(Beginning of Source records)
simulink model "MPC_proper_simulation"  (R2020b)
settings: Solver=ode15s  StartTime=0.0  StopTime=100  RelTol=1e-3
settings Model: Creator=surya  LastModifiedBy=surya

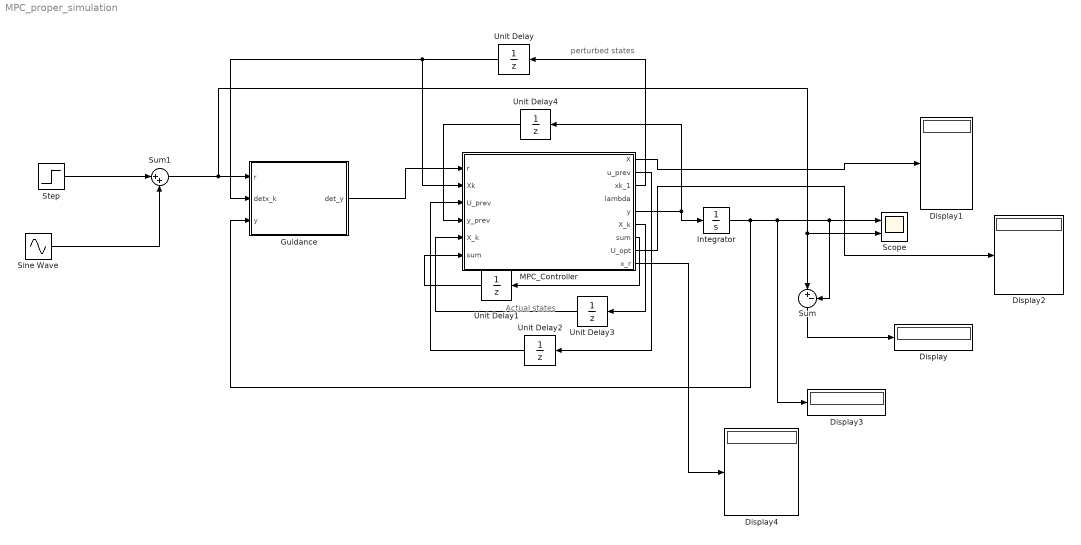
== system MPC_proper_simulation ==
  note: Actual states
  note: perturbed states
  Display{,1..4} (5 alike) : Display
  Guidance : MATLAB Function  TreatAsAtomicUnit=on
  Integrator : Integrator
  MPC_Controller : MATLAB Function  TreatAsAtomicUnit=on
  Scope : Scope  NumInputPorts=2
  Sine Wave : Sin  SampleTime=0
  Step : Step  After=50  SampleTime=0
  Sum : Sum  Inputs=|+-
  Sum1 : Sum  Inputs=|++
  Unit Delay : UnitDelay  InitialCondition=[0 0 0 0]  SampleTime=-1  HasFrameUpgradeWarning=on
  Unit Delay1 : UnitDelay  SampleTime=-1  HasFrameUpgradeWarning=on
  Unit Delay2 : UnitDelay  SampleTime=-1  HasFrameUpgradeWarning=on
  Unit Delay3 : UnitDelay  InitialCondition=[15 0.0393 0 0.0393]  SampleTime=-1  HasFrameUpgradeWarning=on
  Unit Delay4 : UnitDelay  SampleTime=-1  HasFrameUpgradeWarning=on
  wires:
  Guidance/1(det_y) -> MPC_Controller/1(r)
  MPC_Controller/5(y) -> Integrator/1, Unit Delay4/1
  Integrator/1 -> Guidance/3(y), Display3/1, Sum/2, Scope/1
  MPC_Controller/3(xk_1) -> Unit Delay/1
  Unit Delay/1 -> MPC_Controller/2(Xk), Guidance/2(detx_k)
  MPC_Controller/7(sum) -> Unit Delay1/1
  Unit Delay1/1 -> MPC_Controller/6("sum ")
  MPC_Controller/6(X_k) -> Unit Delay3/1
  Unit Delay3/1 -> MPC_Controller/5("X_k ")
  MPC_Controller/2(u_prev) -> Unit Delay2/1
  Unit Delay2/1 -> MPC_Controller/3(U_prev)
  Sum/1 -> Display/1
  Sine Wave/1 -> Sum1/2
  Sum1/1 -> Scope/2, Sum/1, Guidance/1(r)
  Step/1 -> Sum1/1
  Unit Delay4/1 -> MPC_Controller/4(y_prev)
  MPC_Controller/8(U_opt) -> Display2/1
  MPC_Controller/1(X) -> Display1/1
  MPC_Controller/9(x_r) -> Display4/1

== matlab function MPC_proper_simulation/MPC_Controller ==
  data: X output; u_prev output; xk_1 output; lambda output; r input; y output; X_k output; Xk input; U_prev input; y_prev input; X_k input; sum input; sum output; U_opt output; x_r output
function [X,u_prev,xk_1,lambda,y,X_k,sum,U_opt,x_r] = MPC_Controller(r, Xk, U_prev, y_prev, X_k, sum)

N = 5;

xk = Xk;  %Perturbed states used in State Space
det_t = 0.1;

A = [-1.9311*10^-2 8.8157 -32.17 -0.575; -2.5389*10^-4 -1.0189 0 0.9051; 2.9465*10^-12 0.8223 0 -1.0774; 0 0 1 0];
B = [0.1737; -2.1499; -0.1756; 0];
C = [(sin(X_k(4))-(tan(X_k(2))*cos(X_k(4)))) -X_k(1)*cos(X_k(4))*(sec(X_k(2)))^2 0 X_k(1)*(cos(X_k(4))+(tan(X_k(2))*sin(X_k(4))))]*det_t;  %Change C, because Jacobian should be taken wrt to [det_u, det_alpha, det_q, det_theta] and not [u, alpha, q, theta]
D = 0;

fx = [sign(xk(1)) 0 0 0; 0 sign(xk(2)) 0 0; 0 0 sign(xk(3)) 0; 0 0 0 sign(xk(4))];
Fx = [fx, zeros([4,4]), zeros([4,4]), zeros([4,4]), zeros([4,4]); zeros([4,4]), fx, zeros([4,4]), zeros([4,4]), zeros([4,4]); zeros([4,4]), zeros([4,4]), fx, zeros([4,4]), zeros([4,4]); zeros([4,4]), zeros([4,4]), zeros([4,4]), fx, zeros([4,4]); zeros([4,4]), zeros([4,4]), zeros([4,4]), zeros([4,4]), fx];
Fu = sign(U_prev)*eye(N);   % 8 deg max elevator deflection
bbx = [10*sign(xk(1));0.174*sign(xk(2));0.174*sign(xk(3));0.174*sign(xk(4))];
bx = [bbx;bbx;bbx;bbx;bbx];
bu = 0.174*ones([N,1])*sign(U_prev);

ref = inv([(A-eye(length(A))) B; C D])*[zeros([length(A),1]);r];
x_r = ref(1:4);
if abs(x_r(1))>10
    x_r(1) = sign(x_r(1))*10;
end
if abs(x_r(2))>0.174
    x_r(2) = sign(x_r(2))*0.174;
end
if abs(x_r(3))>0.174
    x_r(3) = sign(x_r(3))*0.174;
end
if abs(x_r(4))>0.174
    x_r(4) = sign(x_r(4))*0.174;
end
    
u_r = ref(5);
if abs(u_r)>0.174
    u_r = sign(u_r)*0.174;
end

xr = [x_r;x_r;x_r;x_r;x_r];
ur = u_r*ones([N,1]);

A_c = [A;A^2;A^3;A^4;A^5];
B_c = [B zeros([4,1]) zeros([4,1]) zeros([4,1]) zeros([4,1]); A*B B zeros([4,1]) zeros([4,1]) zeros([4,1]); A^2*B A*B B zeros([4,1]) zeros([4,1]); A^3*B A^2*B A*B B zeros([4,1]); A^4*B A^3*B A^2*B A*B B];

Q = [5*10^1 0 0 0; 0 5*10^1 0 0; 0 0 5*10^1 0; 0 0 0 5*10^1];   %2  3.768*10^2
R = 3.3311*10^2;   %4
P = [5*10^1 0 0 0; 0 5*10^1 0 0; 0 0 5*10^1 0; 0 0 0 5*10^1];   %2  3.768*10^2
Q_c = [Q zeros([4,4]) zeros([4,4]) zeros([4,4]) zeros([4,4]); zeros([4,4]) Q zeros([4,4]) zeros([4,4]) zeros([4,4]); zeros([4,4]) zeros([4,4]) Q zeros([4,4]) zeros([4,4]); zeros([4,4]) zeros([4,4]) zeros([4,4]) Q zeros([4,4]); zeros([4,4]) zeros([4,4]) zeros([4,4]) zeros([4,4]) P];
R_c = R*eye(N);
M = [Fu; Fx*B_c];
L = [bu; (bx-Fx*A_c*xk)];
J = -0.0135*10^-2;

lambda = -inv(eye(length(M*inv(B_c'*Q_c*B_c + R_c)*M')) + 0.5*M*inv(B_c'*Q_c*B_c + R_c)*M')*(M*inv(B_c'*Q_c*B_c + R_c)*(B_c'*Q_c*A_c*xk - B_c'*Q_c*xr - R_c'*ur) + L);
%lambda = -inv(0.5*M*inv(B_c'*Q_c*B_c + R_c)*M')*(M*inv(B_c'*Q_c*B_c + R_c)*(B_c'*Q_c*A_c*xk - B_c'*Q_c*xr - R_c'*ur) + L);
U_opt = -inv(B_c'*Q_c*B_c + R_c)*(B_c'*Q_c*A_c*xk - B_c'*Q_c*xr - R_c'*ur + 0.5*M'*lambda);

if abs(r) < 5*10^-1
    sum = sum + r;
    det_u = J*sum*ones([N,1]);
else
    det_u = zeros([N,1]);
end

U_prev = U_opt + det_u;

if abs(U_prev(1)) > 0.174
    U_prev(1) = sign(U_prev(1))*0.174;
end
if abs(U_prev(2)) > 0.174
    U_prev(2) = sign(U_prev(2))*0.174;
end
if abs(U_prev(3)) > 0.174
    U_prev(3) = sign(U_prev(3))*0.174;
end
if abs(U_prev(4)) > 0.174
    U_prev(4) = sign(U_prev(4))*0.174;
end
if abs(U_prev(5)) > 0.174
    U_prev(5) = sign(U_prev(5))*0.174;
end

X = A_c*xk + B_c*U_prev;
u_prev = U_prev(1);
% Constraints
%X = (X<inv(Fx)*bx).*X + (X>inv(Fx)*bx).*(inv(Fx)*bx);
% if Fx*X < bx
%     
% else
%    X = (X<inv(Fx)*bx).*X + (X>inv(Fx)*bx).*(inv(Fx)*bx); 
% end

%xk_1 = A*xk + B*u_prev;
xk_1 = X(1:4);
% Constraint
%xk_1 = (fx*xk_1<bbx).*xk_1 + (fx*xk_1>bbx).*(inv(fx)*bbx);

y = C*xk;
X_k = X_k + xk_1;

end

== matlab function MPC_proper_simulation/Guidance ==
  data: det_y output; r input; detx_k input; y input
function det_y  = fcn(r,detx_k,y)

det_y = (r-y)/1;
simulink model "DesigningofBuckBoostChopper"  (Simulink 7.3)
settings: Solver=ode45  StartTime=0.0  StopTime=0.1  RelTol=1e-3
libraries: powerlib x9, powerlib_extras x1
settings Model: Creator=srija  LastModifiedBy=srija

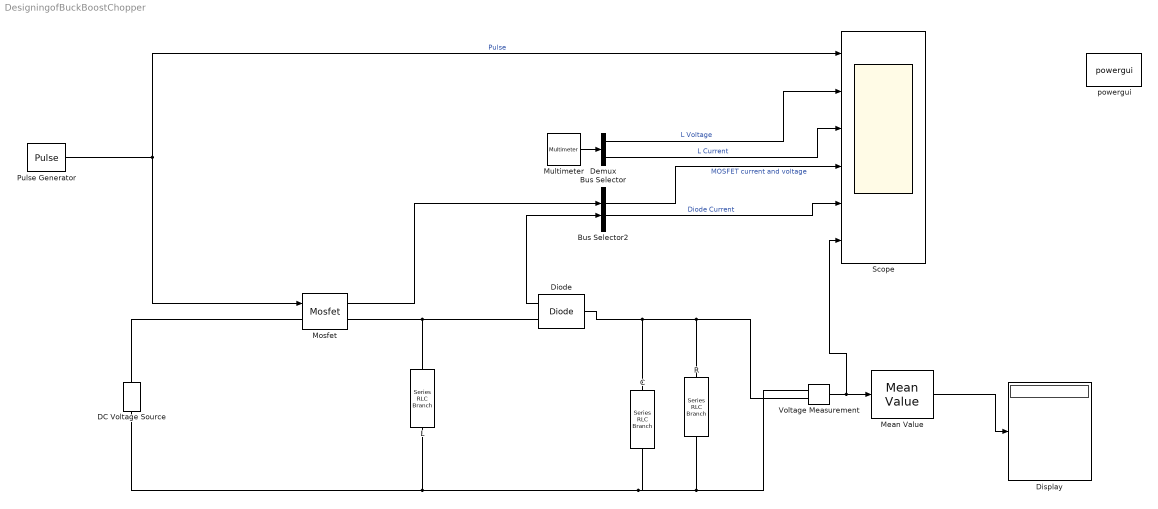
== system DesigningofBuckBoostChopper ==
  Bus Selector : BusSelector  OutputSignals=MOSFET current,MOSFET voltage  OutputAsBus=on
  Bus Selector2 : BusSelector  OutputSignals=Diode current  OutputAsBus=on
  C : powerlib/Elements/Series RLC Branch  DialogController=POWERSYS.PowerSysDialog  PhysicalDomain=powersysdomain  SubClassName=unknown  LeftPortType=p1  RightPortType=p1  LConnTagsString=__new0  RConnTagsString=__new0  BranchType=C  Resistance=1  Inductance=1e-3  SetiL0=off  InitialCurrent=0  Capacitance=833e-6  Setx0=off  InitialVoltage=0  Measurements=None
  DC Voltage Source : powerlib/Electrical Sources/DC Voltage Source  DialogController=POWERSYS.PowerSysDialog  SystemSampleTime=-1  Amplitude=20  Measurements=None
  Demux : Demux  Outputs=2
  Diode : powerlib/Power Electronics/Diode  DialogController=POWERSYS.PowerSysDialog  SystemSampleTime=-1  Ron=0.000001  Lon=0  Vf=0  IC=0  UseSnubber=off  Rs=500  Cs=250e-9  Measurements=on
  Display : Display
  L : powerlib/Elements/Series RLC Branch  DialogController=POWERSYS.PowerSysDialog  PhysicalDomain=powersysdomain  SubClassName=unknown  LeftPortType=p1  RightPortType=p1  LConnTagsString=__new0  RConnTagsString=__new0  BranchType=L  Resistance=1  Inductance=111e-6  SetiL0=off  InitialCurrent=0  Capacitance=1e-6  Setx0=off  InitialVoltage=0  Measurements=Branch voltage and current
  Mean Value : powerlib_extras/Measurements/Mean Value  DialogController=POWERSYS.PowerSysDialog  SystemSampleTime=-1  Period=50e-6
  Mosfet : powerlib/Power Electronics/Mosfet  DialogController=POWERSYS.PowerSysDialog  SystemSampleTime=-1  Ron=0.00000001  Lon=0  Rd=0.0000001  Vfd=0  IC=0  Rs=1e5  Cs=inf  Measurements=on
  Multimeter : powerlib/Measurements/Multimeter  SystemSampleTime=-1  PhasorSimulation=off  OutputType=Complex  sel=[1 2]  L=2  Gain=[1 1]  yselected={'Ub: L','Ib: L'};  PSBOutputType=1  PSBequivalent=0  AxesSetting=[0,0.1,-100,100]  Display=0  SavedBlockNames=-11
  Pulse Generator : DiscretePulseGenerator  PulseType=Time based  Amplitude=1  Period=50e-6  PulseWidth=66  PhaseDelay=0  SampleTime=1
  R : powerlib/Elements/Series RLC Branch  DialogController=POWERSYS.PowerSysDialog  PhysicalDomain=powersysdomain  SubClassName=unknown  LeftPortType=p1  RightPortType=p1  LConnTagsString=__new0  RConnTagsString=__new0  BranchType=R  Resistance=10  Inductance=1e-3  SetiL0=off  InitialCurrent=0  Capacitance=1e-6  Setx0=off  InitialVoltage=0  Measurements=None
  Scope : Scope  NumInputPorts=6
      settings: TimeRange=0.02500000000000001  YMin=0~-20~-16~0~0~38.7  YMax=1~40~-8~60~15~39
  Voltage Measurement : powerlib/Measurements/Voltage Measurement  DialogController=POWERSYS.PowerSysDialog  SystemSampleTime=-1  PhasorSimulation=off  OutputType=Complex  PSBequivalent=0
  powergui : powerlib/powergui  Priority=1  SystemSampleTime=-1  SimulationMode=Continuous  SampleTime=50e-6  frequency=60  SPID=off  DisableSnubberDevices=off  DisableRonSwitches=off  DisableVfSwitches=off  SwTol=0  Interpol=off  frequencyindice=0  echomessages=off  HookPort=off  DisplayEquations=off  FunctionMessages=off  EnableUseOfTLC=off  x0status=blocks  RestoreLinks=warning  Frange=[0:2:500]  Ylog=off  Xlog=on  ShowGrid=off  save=off  variable=ZData  ZoomFFT=on  StartTime=0.0  cycles=1  DisplayStyle=1  fundamental=60  FreqAxis=off  MaxFrequency=1000  frequencyindicesteady=1  RmsSteady=1  display=off  Ts=0  methode=off
  wires:
  Voltage Measurement/1 -> Mean Value/1, Scope/6
  Mean Value/1 -> Display/1
  Multimeter/1 -> Demux/1
  Demux/1 -> Scope/2  "L Voltage"
  Demux/2 -> Scope/3  "L Current"
  Pulse Generator/1 -> Mosfet/1, Scope/1  "Pulse"
  Mosfet/1 -> Bus Selector/1
  Bus Selector/1 -> Scope/4  "MOSFET current and voltage"
  Diode/1 -> Bus Selector2/1
  Bus Selector2/1 -> Scope/5  "Diode Current"
  connections:
  DC Voltage Source/RConn1 -- Mosfet/LConn1
  L/RConn1 -- Mosfet/RConn1 -- Diode/RConn1
  R/RConn1 -- L/LConn1 -- DC Voltage Source/LConn1 -- C/RConn1 -- Voltage Measurement/LConn1
  C/LConn1 -- Diode/LConn1 -- R/LConn1 -- Voltage Measurement/LConn2
(End of Source records)
* _What is being asked_
Lines above that have "Value": copy each of them.

* _Written answer_
  Mean Value : powerlib_extras/Measurements/Mean Value  DialogController=POWERSYS.PowerSysDialog  SystemSampleTime=-1  Period=50e-6
  Voltage Measurement/1 -> Mean Value/1, Scope/6
  Mean Value/1 -> Display/1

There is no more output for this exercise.